BEGIN RECORDS TO USE

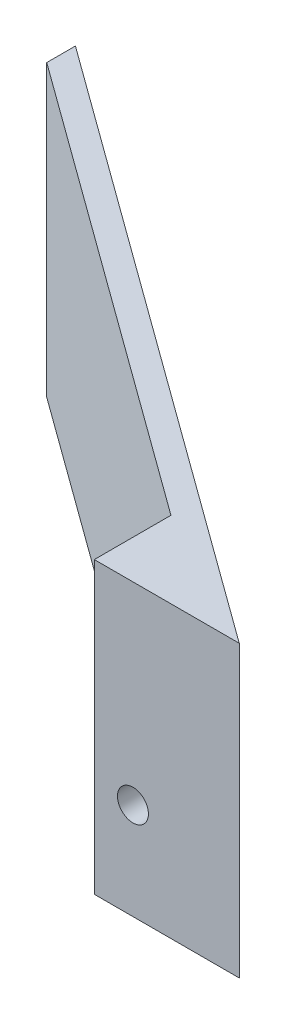
from build123d import *

# Parameters (mm, degrees)
EXTRUDE_1_DEPTH     = 30
SKETCH_2_R          = 1.6
CUT_EXTRUDE_1_DEPTH = 83.29890272
CUT_EXTRUDE_2_REACH = 82.696
SKETCH_3_R          = 3


with BuildPart() as part:
    # 草图1 → 凸台-拉伸1 (new body)
    with BuildSketch(Plane(origin=(0, 0, 0), x_dir=(1, 0, 0), z_dir=(0, 1, 0))):
        Polygon((0, 0), (-62, 45.045636736), (-62, 42.07907359), (-15, 7.931574774), (-15, 0), align=None)
    extrude(amount=EXTRUDE_1_DEPTH)

    # 草图2 → 切除-拉伸1 (cut, through all)
    with BuildSketch(Plane.XY):
        with Locations((-11, 10)):
            Circle(SKETCH_2_R)
    extrude(amount=-CUT_EXTRUDE_1_DEPTH, mode=Mode.SUBTRACT)

    # 切除-拉伸2: up to this plane
    cut_extrude_2_end = Plane(origin=(0, 30, 0), z_dir=(-0.5877852522924716, 0, 0.8090169943749486))
    # 草图3 → 切除-拉伸2 (cut, up to the surface)
    with BuildSketch(Plane.XY.offset(-3), mode=Mode.PRIVATE) as cut_extrude_2_sk1:
        with Locations((-11, 10)):
            Circle(SKETCH_3_R)
    cut_extrude_2_tool1 = split(extrude(cut_extrude_2_sk1.sketch, amount=-CUT_EXTRUDE_2_REACH, mode=Mode.PRIVATE), bisect_by=cut_extrude_2_end, keep=Keep.BOTH, mode=Mode.PRIVATE)
    add(cut_extrude_2_tool1.solids().sort_by_distance((-11, 10, -3))[0], mode=Mode.SUBTRACT)


solid = part.part

END RECORDS TO USE

**WORK REQUIRED:** In your copy of the entries above, leave out the pictures and keep every word exact.

**WRITTEN SOLUTION:**
from build123d import *

# Parameters (mm, degrees)
EXTRUDE_1_DEPTH     = 30
SKETCH_2_R          = 1.6
CUT_EXTRUDE_1_DEPTH = 83.29890272
CUT_EXTRUDE_2_REACH = 82.696
SKETCH_3_R          = 3


with BuildPart() as part:
    # 草图1 → 凸台-拉伸1 (new body)
    with BuildSketch(Plane(origin=(0, 0, 0), x_dir=(1, 0, 0), z_dir=(0, 1, 0))):
        Polygon((0, 0), (-62, 45.045636736), (-62, 42.07907359), (-15, 7.931574774), (-15, 0), align=None)
    extrude(amount=EXTRUDE_1_DEPTH)

    # 草图2 → 切除-拉伸1 (cut, through all)
    with BuildSketch(Plane.XY):
        with Locations((-11, 10)):
            Circle(SKETCH_2_R)
    extrude(amount=-CUT_EXTRUDE_1_DEPTH, mode=Mode.SUBTRACT)

    # 切除-拉伸2: up to this plane
    cut_extrude_2_end = Plane(origin=(0, 30, 0), z_dir=(-0.5877852522924716, 0, 0.8090169943749486))
    # 草图3 → 切除-拉伸2 (cut, up to the surface)
    with BuildSketch(Plane.XY.offset(-3), mode=Mode.PRIVATE) as cut_extrude_2_sk1:
        with Locations((-11, 10)):
            Circle(SKETCH_3_R)
    cut_extrude_2_tool1 = split(extrude(cut_extrude_2_sk1.sketch, amount=-CUT_EXTRUDE_2_REACH, mode=Mode.PRIVATE), bisect_by=cut_extrude_2_end, keep=Keep.BOTH, mode=Mode.PRIVATE)
    add(cut_extrude_2_tool1.solids().sort_by_distance((-11, 10, -3))[0], mode=Mode.SUBTRACT)


solid = part.part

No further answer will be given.